— RESEARCH LETTER —

Narrative Feedback to Family Medicine Faculty: A Content Analysis

Linda Myerholtz, PhD | Hannah M. Baker, MPH | Emily M. Hawes, PharmD, BCPS, CPP | Mallory McClester Brown, MD | Catherine Coe, MD | Lisa K. Rollins, PhD | Cristen P. Page, MD, MPH

PRiMER. 2022;6:10.

Published: 4/21/2022 | DOI: 10.22454/PRiMER.2022.341202

Introduction

Peer and learner evaluations of faculty in graduate medical education are critical for performance improvement, promotion, and resource allocation.1 Although data are limited, studies show that feedback from residents may help faculty improve teaching.2,3 Narrative feedback, in particular, can provide important contextual information.4 Existing reviews of narrative feedback from residents to faculty show that the feedback is often relevant, but not specific. This limits the utility of feedback to improve teaching.5-7

Multiple feedback tools exist to evaluate clinical teaching. However the likelihood of capturing narrative feedback varies among these tools.1 Barriers to the use of feedback tools include time-consuming processes, issues with accessibility, reliance upon rating scales, and the retrospective nature of solicited feedback. Mechanisms to solicit feedback are more effective when they do not require significant changes to workflow.8 To address these barriers, a mobile application, the Faculty Feedback Facilitator (F3App), was developed to allow for real-time capture of narrative feedback for faculty in the medical education setting. In 2017 to 2018, the F3App was piloted across eight family medicine residency programs. Training and technical assistance were provided to programs on implementation and best practices for feedback. Participating programs reviewed the F3App positively.9

This study expands the initial pilot9 by qualitatively examining the narrative feedback from the same eight programs.

Methods

Setting and Data Collection

We included narrative feedback observations entered about faculty by residents and peers from July 1, 2019 to June 5, 2020 across the eight programs in the analysis. Program characteristics are shown in Table 1.  Resident observations were anonymous by default per the Accreditation Council for Graduate Medical Education (ACGME), however learners were able to deselect this option.10 Faculty peer feedback was not anonymous in order to foster transparency and trust, important elements in a robust culture of feedback.11 Programs were offered training on the Situation-Behavior-Impact feedback model and tools were implemented at the discretion of the program.12 

Analysis

Using a deductive content analysis approach, we coded each observation as “positive,” “constructive,” and “actionable.”13 The categories were not mutually exclusive and are based on previous work.14 We also coded observations according to perceived environment: “clinic,” “inpatient,” or “general/unknown.” Table 2 includes coding definitions.

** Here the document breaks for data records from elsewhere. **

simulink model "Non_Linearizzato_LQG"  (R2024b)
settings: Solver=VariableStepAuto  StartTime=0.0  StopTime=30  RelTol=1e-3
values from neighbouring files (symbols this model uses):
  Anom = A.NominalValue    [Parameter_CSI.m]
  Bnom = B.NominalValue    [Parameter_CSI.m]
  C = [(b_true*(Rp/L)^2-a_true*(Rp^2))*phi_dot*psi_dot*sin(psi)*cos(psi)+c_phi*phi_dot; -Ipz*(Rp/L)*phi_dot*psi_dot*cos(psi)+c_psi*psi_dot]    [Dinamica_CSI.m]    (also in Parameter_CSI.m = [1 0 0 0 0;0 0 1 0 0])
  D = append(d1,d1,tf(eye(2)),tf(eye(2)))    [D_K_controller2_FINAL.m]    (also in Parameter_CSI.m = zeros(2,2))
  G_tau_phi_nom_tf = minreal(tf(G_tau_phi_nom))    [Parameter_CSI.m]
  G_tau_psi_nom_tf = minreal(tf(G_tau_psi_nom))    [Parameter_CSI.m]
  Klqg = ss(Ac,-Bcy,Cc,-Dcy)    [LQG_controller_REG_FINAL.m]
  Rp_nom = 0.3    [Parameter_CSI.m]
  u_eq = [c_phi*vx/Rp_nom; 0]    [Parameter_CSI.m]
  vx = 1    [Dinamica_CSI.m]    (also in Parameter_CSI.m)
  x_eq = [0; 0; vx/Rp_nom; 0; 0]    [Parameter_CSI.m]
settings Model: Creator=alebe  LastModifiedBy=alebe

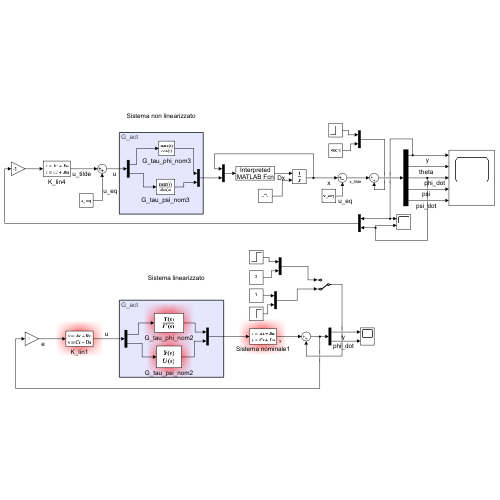
[thumbnail: Simulink's stored preview of the top-level diagram]
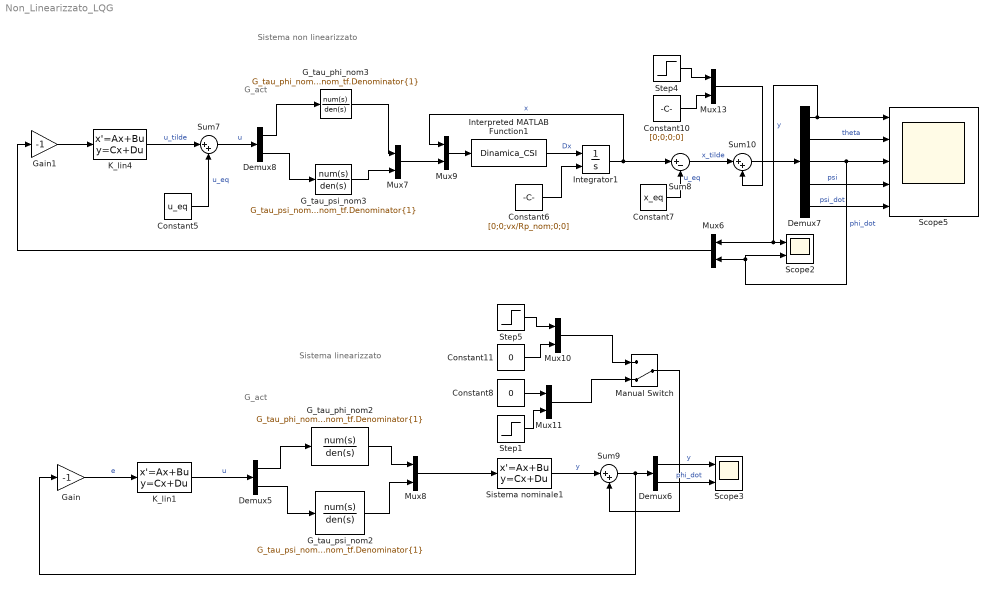
== system Non_Linearizzato_LQG ==
  note: G_act
  note: Sistema linearizzato
  note: G_act
  note: Sistema non linearizzato
  Constant10 : Constant  Value=[0;0;0;0]
  Constant11 : Constant  Value=0
  Constant5 : Constant  Value=u_eq
  Constant6 : Constant  Value=[0;0;vx/Rp_nom;0;0]
  Constant7 : Constant  Value=x_eq
  Constant8 : Constant  Value=0
  Demux5 : Demux  Outputs=2
  Demux6 : Demux  Outputs=2
  Demux7 : Demux  Outputs=5
  Demux8 : Demux  Outputs=2
  G_tau_phi_nom2 : TransferFcn  Numerator=G_tau_phi_nom_tf.Numerator{1}  Denominator=G_tau_phi_nom_tf.Denominator{1}
  G_tau_phi_nom3 : TransferFcn  Numerator=G_tau_phi_nom_tf.Numerator{1}  Denominator=G_tau_phi_nom_tf.Denominator{1}
  G_tau_psi_nom2 : TransferFcn  Numerator=G_tau_psi_nom_tf.Numerator{1}  Denominator=G_tau_psi_nom_tf.Denominator{1}
  G_tau_psi_nom3 : TransferFcn  Numerator=G_tau_psi_nom_tf.Numerator{1}  Denominator=G_tau_psi_nom_tf.Denominator{1}
  Gain : Gain  Gain=-1
  Gain1 : Gain  Gain=-1
  Integrator1 : Integrator  InitialConditionSource=external
  Interpreted MATLAB Function1 : MATLABFcn  MATLABFcn=Dinamica_CSI
  K_lin1 : StateSpace  A=Klqg.A  B=Klqg.B  C=Klqg.C  D=Klqg.D  InitialCondition=0
  K_lin4 : StateSpace  A=Klqg.A  B=Klqg.B  C=Klqg.C  D=Klqg.D  InitialCondition=0
  Manual Switch : ManualSwitch  CurrentSetting=0
  Mux{6..11,13} (7 alike) : Mux  Inputs=2
  Scope2 : Scope  NumInputPorts=2
  Scope3 : Scope  NumInputPorts=2
  Scope5 : Scope  NumInputPorts=5
  Sistema nominale1 : StateSpace  A=Anom  B=Bnom  C=C  D=D  InitialCondition=[0;0;0;0;0]
  Step1 : Step  SampleTime=0
  Step4 : Step  After=0.1  SampleTime=0
  Step5 : Step  After=0.1  SampleTime=0
  Sum10 : Sum  Inputs=|++
  Sum7 : Sum  Inputs=|++
  Sum8 : Sum  Inputs=|+-
  Sum9 : Sum  Inputs=|++
  wires:
  K_lin1/1 -> Demux5/1  "u"
  Gain/1 -> K_lin1/1  "e"
  Step4/1 -> Mux13/1
  Mux6/1 -> Gain1/1
  Demux6/1 -> Scope3/1  "y"
  Constant6/1 -> Integrator1/2
  Mux7/1 -> Mux9/2
  Demux7/3 -> Scope5/3, Scope2/2, Mux6/2  "phi_dot"
  G_tau_phi_nom2/1 -> Mux8/1
  G_tau_psi_nom2/1 -> Mux8/2
  G_tau_psi_nom3/1 -> Mux7/2
  Mux9/1 -> Interpreted MATLAB Function1/1
  Sum7/1 -> Demux8/1  "u"
  Demux6/2 -> Scope3/2  "phi_dot"
  Demux8/1 -> G_tau_phi_nom3/1
  Demux7/4 -> Scope5/4  "psi"
  Constant7/1 -> Sum8/2  "u_eq"
  Demux7/1 -> Mux6/1, Scope2/1, Scope5/1  "y"
  Constant5/1 -> Sum7/2  "u_eq"
  Demux7/5 -> Scope5/5  "psi_dot"
  Gain1/1 -> K_lin4/1
  Demux5/1 -> G_tau_phi_nom2/1
  K_lin4/1 -> Sum7/1  "u_tilde"
  Mux8/1 -> Sistema nominale1/1
  Sum8/1 -> Sum10/1  "x_tilde"
  Integrator1/1 -> Mux9/1, Sum8/1  "x"
  Sum10/1 -> Demux7/1
  Constant10/1 -> Mux13/2
  Demux8/2 -> G_tau_psi_nom3/1
  Sistema nominale1/1 -> Sum9/1  "y"
  Demux5/2 -> G_tau_psi_nom2/1
  Sum9/1 -> Gain/1, Demux6/1
  Mux10/1 -> Manual Switch/1
  Mux13/1 -> Sum10/2
  G_tau_phi_nom3/1 -> Mux7/1
  Constant11/1 -> Mux10/2
  Step5/1 -> Mux10/1
  Demux7/2 -> Scope5/2  "theta"
  Interpreted MATLAB Function1/1 -> Integrator1/1  "Dx"
  Step1/1 -> Mux11/2
  Constant8/1 -> Mux11/1
  Mux11/1 -> Manual Switch/2
  Manual Switch/1 -> Sum9/2

The four coders conducted an initial independent coding of a subset of observations and then reviewed the codes as a team to create a shared understanding of the coding scheme. Next, the data set was divided in half and two team members coded each half. Upon completion, the full coding team discussed coding discrepancies to achieve consensus.

The University of North Carolina Institutional Review Board approved this study (IRB # 20-0324).

Results

Three hundred thirty unique observations were generated during the study. Table 3 shows the coding summary. Thirty-three percent (110/330) of the observations were made by peer faculty and 67% (220/330) were made by residents. Most observations were positive (98%) and actionable (88%). Observations were made in clinic, inpatient, and general educational settings. Sample entries for each observation category are listed in Table 2.

Table 4 compares the types and settings of observations by faculty and residents. There was little variability in the types of observations recorded by faculty vs residents.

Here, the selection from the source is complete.